Besides, he added that exporting wineries will have to know what costs will be, and what the increase will hit inputs, “with peso drop, everything would seem that most of this dollar appreciation will be squeezed by inflation,” pointed out the businessman.
According to Domaine Bousquet’s CEO, Labid Al Ameri, this devaluation was unexpected, “I thought it would be more gradual. We expect exports to grow, with more dollars in the country to ease the situation”. To Al Ameri, if input costs will increase as a result of this devaluation, “this advantage for exporters will not last for a long time.”
Inflation, trade restrictions and red tape have doubled production costs at Argentina’s wineries in the past four years, according to Rabobank analysts. Most wineries exporting at less than $30-a-case are likely losing money, they said.
Argentina’s national statistics office put domestic inflation at 10.9% for December. But, independent experts surveyed monthly by the University of Torcuato di Tella believe the true figure is around 30%.
At the same time, ‘the US dollar increased by about 10% per year, therefore generating a loss in competitive position which had the Argentine wine industry in a very tight situation’.
Yann Falc’hun, of Bodega Marco Zunino, agreed that the peso’s devaluation could reduce the squeeze on wineries’ income. ‘It will help Argentine producers who export around the world. For example, two days ago, one euro equalled 15 pesos. Today, it’s 17.5 pesos.’
However, he added that it often takes time for exchange rate changes to affect prices.
Aciar maintained that in the case of products with higher added value (bottled wine), the peso drop also makes them more competitiveness, but to a lesser extent, since there are some components of costs subject to devaluation.

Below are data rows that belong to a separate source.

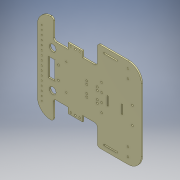
# Autodesk Inventor part: КВ33.035.002 - Платформа 3мм
Saved by Autodesk Inventor 2017 SP1 (Build 210196100, 196)
## iProperties
Part Number: КВ33.035.002 - Платформа 3мм
Material: Типовые
Document SubType Name: Modeling
Designer: sbnnl
Density: 1 g/cm^3
Appearance: Гладкий — пепельный
Author: sbnnl
Autodesk Inventor part; units mm, degrees
ref_plane "YZ Plane" through (0, 0, 0) normal (1, 0, 0) x (0, 1, 0)
ref_plane "XZ Plane" through (0, 0, 0) normal (0, 1, 0) x (-1, 0, 0)
ref_plane "XY Plane" through (0, 0, 0) normal (0, 0, 1) x (1, 0, 0)
sketch "Эскиз1" plane through (0, 0, 0) normal (0, 1, 0) x (-1, 0, 0)
  line L0 (0, 0) -> (93.3924, 0) construction
  line L1 (0, 72) -> (0, 0)
  line L2 (236.5, 0) -> (236.5, 72)
  line L3 (166.5, 57) -> (166.5, 70)
  line L4 (166.5, 70) -> (133.5, 70)
  line L5 (133.5, 70) -> (133.5, 57)
  line L6 (200, 57) -> (166.5, 57)
  line L7 (133.5, 57) -> (100, 57)
  line L8 (170.1825, 65) -> (127.9093, 65) construction
  circle A0 centre (150, 65) radius 2
  circle A1 centre (160, 65) radius 2
  circle A2 centre (140, 65) radius 2
  line L9 (150, 70) -> (150, 80.9563) construction
  line L10 (200, 57) -> (200, 102)
  line L11 (206.5, 102) -> (200, 102)
  line L12 (100, 57) -> (100, 102)
  line L13 (100, 102) -> (30, 102)
  arc A3 (236.5, 72) -> (206.5, 102) centre (206.5, 72) ccw
  arc A4 (30, 102) -> (0, 72) centre (30, 72) ccw
  line L14 (0, -72) -> (0, 0)
  line L15 (236.5, 0) -> (236.5, -72)
  line L16 (166.5, -70) -> (133.5, -70)
  line L17 (133.5, -70) -> (133.5, -57)
  line L18 (200, -57) -> (166.5, -57)
  line L19 (133.5, -57) -> (100, -57)
  line L20 (170.1825, -65) -> (127.9093, -65) construction
  circle A5 centre (150, -65) radius 2
  circle A6 centre (140, -65) radius 2
  line L21 (150, -70) -> (150, -80.9563) construction
  line L22 (200, -57) -> (200, -102)
  line L23 (206.5, -102) -> (200, -102)
  line L24 (100, -57) -> (100, -102)
  line L25 (100, -102) -> (30, -102)
  arc A7 (206.5, -102) -> (236.5, -72) centre (206.5, -72) ccw
  arc A8 (0, -72) -> (30, -102) centre (30, -72) ccw
  line L26 (166.5, -57) -> (166.5, -70)
  circle A9 centre (160, -65) radius 2
  dimension "d0" = 13
  dimension "d1" = 33
  dimension "d2" = 5
  dimension "d3" = 4
  dimension "d4" = 4
  dimension "d5" = 4
  dimension "d6" = 10
  dimension "d7" = 10
  dimension "d8" = 70
  dimension "d9" = 50
  dimension "d11" = 50
  dimension "d12" = 45
  dimension "d13" = 100
  dimension "d14" = 65
  dimension "d15" = 30
  constraints: 54 end point, 21 symmetric about line, 10 centre point, 10 point on line, 8 point on circle, 7 perpendicular, 4 horizontal, 4 tangent, 4 vertical, 2 collinear, 1 equal radius, 1 midpoint, 1 parallel, 5 other
  measures "d0" distance of L3.start L3.end
  measures "d1" distance of L3.end L4.end
  measures "d2" distance between parallel lines of L8 L4
  measures "d3" diameter of A0
  measures "d4" diameter of A1
  measures "d5" diameter of A2
  measures "d6" distance of A1.centre A0.centre
  measures "d7" distance of A2.centre A0.centre
  measures "d8" distance between parallel lines of L2 L3
  measures "d9" distance between parallel lines of L9 L10
  measures "d11" distance between parallel lines of L12 L9
  measures "d12" distance of L7.end L12.end
  measures "d13" distance between parallel lines of L12 L1
  measures "d14" distance between parallel lines of L0 L8
  measures "d15" radius of A3
extrude "Выдавливание1" add sketch "Эскиз1" along normal blind 3
sketch "Эскиз2" plane through (0, 3, 0) normal (0, 1, 0) x (1, 0, 0)
  line L0 (-20, -13.2915) -> (-20, 12.9921) construction
  circle A0 centre (-20, -20) radius 2
  circle A1 centre (-20, 20) radius 2
  point P0 (0, 0)
  dimension "d18" = 4
  dimension "d19" = 20
  dimension "d20" = 40
  dimension "d21" = 20
  constraints: 2 centre point, 2 end point, 2 point on line, 1 equal radius, 1 vertical
  measures "d18" diameter of A1
  measures "d19" distance from line of L0 point (0, 0)
  measures "d20" distance of A1.centre A0.centre
  measures "d21" horizontal distance of point (0, 0) A0.centre
extrude "Выдавливание2" cut sketch "Эскиз2" against normal blind 4
sketch "Эскиз3" plane through (0, 3, 0) normal (0, 1, 0) x (1, 0, 0)
  line L0 (-211.5, -21) -> (-196.5, -21)
  line L1 (-196.5, -21) -> (-196.5, 21)
  line L2 (-196.5, 21) -> (-211.5, 21)
  line L3 (-211.5, 21) -> (-211.5, -21)
  line L4 (-236.5, 72) -> (-236.5, -72) projected
  line L5 (-188.5, -21.5288) -> (-188.5, 22.9768) construction
  circle A0 centre (-188.5, -15) radius 2
  circle A1 centre (-188.5, 15) radius 2
  point P0 (0, 0)
  dimension "d24" = 42
  dimension "d25" = 15
  dimension "d26" = 40
  dimension "d27" = 21
  dimension "d28" = 4
  dimension "d29" = 4
  dimension "d31" = 6
  dimension "d32" = 8
  dimension "d33" = 30
  constraints: 10 end point, 2 centre point, 2 parallel, 2 point on line, 1 horizontal, 1 perpendicular, 1 vertical
  measures "d24" distance of L2.end L0.start
  measures "d25" distance of L1.end L2.end
  measures "d26" distance between parallel lines of L4 L1
  measures "d27" distance from line of point (0, 0) L2
  measures "d28" diameter of A0
  measures "d29" diameter of A1
  measures "d31" distance from line of A1.centre L2
  measures "d32" distance between parallel lines of L1 L5
  measures "d33" distance of A1.centre A0.centre
extrude "Выдавливание3" cut sketch "Эскиз3" against normal blind 4
sketch "Эскиз5" plane through (0, 3, 0) normal (0, 1, 0) x (1, 0, 0)
  line L0 (-134.2143, -16) -> (-95.4487, -16) construction
  circle A0 centre (-100, -16) radius 2
  line L1 (-100, -57) -> (-100, -102) projected
  line L2 (-100, -102) -> (-30, -102) projected
  line L3 (-236.5, -72) -> (-236.5, 72) projected
  line L4 (-236.5, 0) -> (-246.7698, 0) construction
  line L5 (-226.5, -8.1668) -> (-226.5, -72) construction
  circle A1 centre (-226.5, -5) radius 1.5
  circle A2 centre (-226.5, -15) radius 1.5
  circle A3 centre (-226.5, -25) radius 1.5
  circle A4 centre (-226.5, -35) radius 1.5
  circle A5 centre (-226.5, -45) radius 1.5
  circle A6 centre (-226.5, -55) radius 1.5
  circle A7 centre (-226.5, -65) radius 1.5
  circle A8 centre (-226.5, -75) radius 1.5
  circle A9 centre (-226.5, 5) radius 1.5
  circle A10 centre (-226.5, -5) radius 1.5
  circle A11 centre (-226.5, -15) radius 1.5
  circle A12 centre (-226.5, -25) radius 1.5
  circle A13 centre (-226.5, -35) radius 1.5
  circle A14 centre (-226.5, -45) radius 1.5
  circle A15 centre (-226.5, -55) radius 1.5
  circle A16 centre (-226.5, -65) radius 1.5
  circle A17 centre (-226.5, 15) radius 1.5
  circle A18 centre (-226.5, 5) radius 1.5
  circle A19 centre (-226.5, -5) radius 1.5
  circle A20 centre (-226.5, -15) radius 1.5
  circle A21 centre (-226.5, -25) radius 1.5
  circle A22 centre (-226.5, -35) radius 1.5
  circle A23 centre (-226.5, -45) radius 1.5
  circle A24 centre (-226.5, -55) radius 1.5
  circle A25 centre (-226.5, 25) radius 1.5
  circle A26 centre (-226.5, 15) radius 1.5
  circle A27 centre (-226.5, 5) radius 1.5
  circle A28 centre (-226.5, -5) radius 1.5
  circle A29 centre (-226.5, -15) radius 1.5
  circle A30 centre (-226.5, -25) radius 1.5
  circle A31 centre (-226.5, -35) radius 1.5
  circle A32 centre (-226.5, -45) radius 1.5
  circle A33 centre (-226.5, 35) radius 1.5
  circle A34 centre (-226.5, 25) radius 1.5
  circle A35 centre (-226.5, 15) radius 1.5
  circle A36 centre (-226.5, 5) radius 1.5
  circle A37 centre (-226.5, -5) radius 1.5
  circle A38 centre (-226.5, -15) radius 1.5
  circle A39 centre (-226.5, -25) radius 1.5
  circle A40 centre (-226.5, -35) radius 1.5
  circle A41 centre (-226.5, 45) radius 1.5
  circle A42 centre (-226.5, 35) radius 1.5
  circle A43 centre (-226.5, 25) radius 1.5
  circle A44 centre (-226.5, 15) radius 1.5
  circle A45 centre (-226.5, 5) radius 1.5
  circle A46 centre (-226.5, -5) radius 1.5
  circle A47 centre (-226.5, -15) radius 1.5
  circle A48 centre (-226.5, -25) radius 1.5
  circle A49 centre (-226.5, 55) radius 1.5
  circle A50 centre (-226.5, 45) radius 1.5
  circle A51 centre (-226.5, 35) radius 1.5
  circle A52 centre (-226.5, 25) radius 1.5
  circle A53 centre (-226.5, 15) radius 1.5
  circle A54 centre (-226.5, 5) radius 1.5
  circle A55 centre (-226.5, -5) radius 1.5
  circle A56 centre (-226.5, -15) radius 1.5
  circle A57 centre (-226.5, 65) radius 1.5
  circle A58 centre (-226.5, 55) radius 1.5
  circle A59 centre (-226.5, 45) radius 1.5
  circle A60 centre (-226.5, 35) radius 1.5
  circle A61 centre (-226.5, 25) radius 1.5
  circle A62 centre (-226.5, 15) radius 1.5
  circle A63 centre (-226.5, 5) radius 1.5
  circle A64 centre (-226.5, -5) radius 1.5
  circle A65 centre (-226.5, 75) radius 1.5
  circle A66 centre (-226.5, 65) radius 1.5
  circle A67 centre (-226.5, 55) radius 1.5
  circle A68 centre (-226.5, 45) radius 1.5
  circle A69 centre (-226.5, 35) radius 1.5
  circle A70 centre (-226.5, 25) radius 1.5
  circle A71 centre (-226.5, 15) radius 1.5
  circle A72 centre (-226.5, 5) radius 1.5
  line L6 (-78, -10) -> (-75, -10)
  line L7 (-75, -10) -> (-75, 10)
  line L8 (-75, 10) -> (-78, 10)
  line L9 (-78, 10) -> (-78, -10)
  line L10 (-133.5, -70) -> (-133.5, -57) projected
  line L11 (-45, -10) -> (-42, -10)
  line L12 (-42, -10) -> (-42, 10)
  line L13 (-42, 10) -> (-45, 10)
  line L14 (-45, 10) -> (-45, -10)
  line L15 (-100, -16) -> (-100, 38.9096) construction
  circle A73 centre (-100, 16) radius 2
  circle A74 centre (-100, 9) radius 2
  circle A75 centre (-100, -9) radius 2
  circle A76 centre (-124, -16) radius 2
  circle A77 centre (-124, -9) radius 2
  circle A78 centre (-124, 9) radius 2
  circle A79 centre (-124, 16) radius 2
  line L16 (-100, 16) -> (-119.6213, 16) construction
  line L17 (-170.5, 43.1181) -> (-170.5, -35.1229) construction
  circle A80 centre (-170.5, 30.25) radius 1.5
  circle A81 centre (-170.5, -30.25) radius 1.5
  point P0 (0, 0)
  dimension "d38" = 4
  dimension "d52" = 3
  dimension "d53" = 10
  dimension "d54" = 5
  dimension "d57" = 10
  dimension "d60" = 10
  dimension "d63" = 20
  dimension "d64" = 3
  dimension "d65" = 10
  dimension "d68" = 33
  dimension "d105" = 32
  dimension "d106" = 25
  dimension "d114" = 25
  dimension "d117" = 24
  dimension "d122" = 42
  dimension "d123" = 22
  dimension "d124" = 16
  dimension "d126" = 3
  dimension "d127" = 3
  dimension "d128" = 60.5
  dimension "d129" = 30.25
  dimension "d130" = 66
  constraints: 82 centre point, 28 end point, 7 point on line, 5 horizontal, 5 vertical, 3 equal radius, 2 parallel, 1 midpoint, 1 perpendicular, 159 other
  measures "d38" diameter of A0
  measures "d52" diameter of A1
  measures "d53" distance between parallel lines of L3 L5
  measures "d54" distance from line of A1.centre L4
  measures "d57" distance of A1.centre A2.centre
  measures "d60" distance of A1.centre A9.centre
  measures "d63" distance of L8.end L6.start
  measures "d64" distance of L7.end L8.end
  measures "d65" distance between parallel lines of L4 L8
  measures "d68" distance of L6.end L11.end
  measures "d105" distance of L16.start L15.start
  measures "d106" distance of A74.centre L15.start
  measures "d114" distance of A75.centre L16.start
  measures "d117" distance of L15.start A76.centre
  measures "d122" distance from line of point (0, 0) L12
  measures "d123" distance between parallel lines of L15 L9
  measures "d124" distance between parallel lines of L4 L16
  measures "d126" diameter of A80
  measures "d127" diameter of A81
  measures "d128" distance of A81.centre A80.centre
  measures "d129" distance from line of L4 A81.centre
  measures "d130" distance between parallel lines of L17 L3
extrude "Выдавливание5" cut sketch "Эскиз5" against normal blind 4
sketch "Эскиз6" plane through (0, 3, 0) normal (0, 1, 0) x (1, 0, 0)
  line L0 (-201.5, -38.8438) -> (-201.5, 45.9723) construction
  circle A0 centre (-201.5, -42) radius 7.5
  circle A1 centre (-201.5, 42) radius 7.5
  line L1 (-200, -57) -> (-166.5, -57) projected
  line L2 (-166.5, 57) -> (-200, 57) projected
  line L3 (-236.5, -72) -> (-236.5, 72) projected
  point P0 (0, 0)
  dimension "d75" = 15
  dimension "d76" = 15
  dimension "d77" = 15
  dimension "d78" = 15
  dimension "d79" = 35
  constraints: 2 centre point, 2 end point, 2 point on line, 1 vertical
  measures "d75" diameter of A0
  measures "d76" diameter of A1
  measures "d77" distance from line of A0.centre L1
  measures "d78" distance from line of A1.centre L2
  measures "d79" distance between parallel lines of L3 L0
extrude "Выдавливание6" cut sketch "Эскиз6" against normal blind 10
sketch "Эскиз7" plane through (0, 3, 0) normal (0, 1, 0) x (1, 0, 0)
  line L0 (-90, -53.2705) -> (-90, -1.5372) construction
  circle A0 centre (-90, -30) radius 2
  line L1 (-90, -33.2705) -> (-90, 18.4628) construction
  circle A1 centre (-90, -10) radius 2
  line L2 (-90, -13.2705) -> (-90, 38.4628) construction
  circle A2 centre (-90, 10) radius 2
  line L3 (-90, 6.7295) -> (-90, 58.4628) construction
  circle A3 centre (-90, 30) radius 2
  point P0 (0, 0)
  dimension "d82" = 4
  dimension "d83" = 30
  dimension "d84" = 90
  dimension "d87" = 20
  constraints: 8 end point, 4 centre point, 4 point on line, 2 vertical, 1 collinear, 14 other
  measures "d82" diameter of A0
  measures "d83" vertical distance of A0.centre point (0, 0)
  measures "d84" distance from line of point (0, 0) L0
  measures "d87" distance of L0.start L1.start
extrude "Выдавливание7" cut sketch "Эскиз7" against normal blind 10
sketch "Эскиз8" plane through (0, 3, 0) normal (0, 1, 0) x (1, 0, 0)
  line L0 (-85, 89) -> (-55, 89)
  line L1 (-55, 89) -> (-55, 92)
  line L2 (-55, 92) -> (-85, 92)
  line L3 (-85, 92) -> (-85, 89)
  line L4 (-30, 102) -> (-100, 102) projected
  line L5 (-100, 102) -> (-100, 57) projected
  line L6 (-30, 60.9127) -> (-30, 96.4392) construction
  circle A0 centre (-30, 67) radius 2
  circle A1 centre (-30, 87) radius 2
  line L7 (0, -72) -> (0, 72) projected
  line L8 (0, 0) -> (41.7371, 0) construction
  line L9 (-85, -89) -> (-55, -89)
  line L10 (-55, -89) -> (-55, -92)
  line L11 (-55, -92) -> (-85, -92)
  line L12 (-85, -92) -> (-85, -89)
  line L13 (-100, -102) -> (-100, -57)
  line L14 (-30, -60.9127) -> (-30, -96.4392) construction
  circle A2 centre (-30, -67) radius 2
  circle A3 centre (-30, -87) radius 2
  dimension "d94" = 3
  dimension "d95" = 10
  dimension "d96" = 15
  dimension "d97" = 30
  dimension "d98" = 4
  dimension "d99" = 4
  dimension "d100" = 30
  dimension "d101" = 15
  dimension "d102" = 20
  constraints: 24 end point, 10 symmetric about line, 4 centre point, 4 point on line, 2 horizontal, 2 parallel, 1 perpendicular, 1 vertical, 2 other
  measures "d94" distance of L2.end L0.start
  measures "d95" distance between parallel lines of L4 L2
  measures "d96" distance between parallel lines of L3 L5
  measures "d97" distance of L1.end L2.end
  measures "d98" diameter of A0
  measures "d99" diameter of A1
  measures "d100" distance between parallel lines of L6 L7
  measures "d101" distance from line of L4 A1.centre
  measures "d102" distance of A0.centre A1.centre
extrude "Выдавливание8" cut sketch "Эскиз8" against normal blind 10
fillet "Сопряжение1" radius 6 8 edges at (-200, 1.5, 57) (-100, 1.5, 57) (-100, 1.5, -57) (-200, 1.5, -57) (-100, 1.5, 102) (-200, 1.5, 102) (-100, 1.5, -102) (-200, 1.5, -102)

A further complication is that some economic experts believe the weaker peso could lead to even higher domestic inflation. Economic deterioration on the home front could put extra pressure on wineries’ costs.
“As in all economic decision, there are winners and losers. In this context, the latter ones are those focused on the domestic market offering high added-value products, since the downturn in the purchasing power due to devaluation will hit negatively the domestic consumption,” agreed Alfredo Aciar.
“Unfortunately, this situation did not arise before, so as to have time to fluidize exports. I said this because we are next to the new harvest and raw material prices may rise along with devaluation, going back to the initial point. Nevertheless, the way this currency drop took place and the lack of an integral and consistent economic plan against inflation, sooner or later, will make this advantage turn into a disadvantage,” detailed the economist of Ideal Foundation.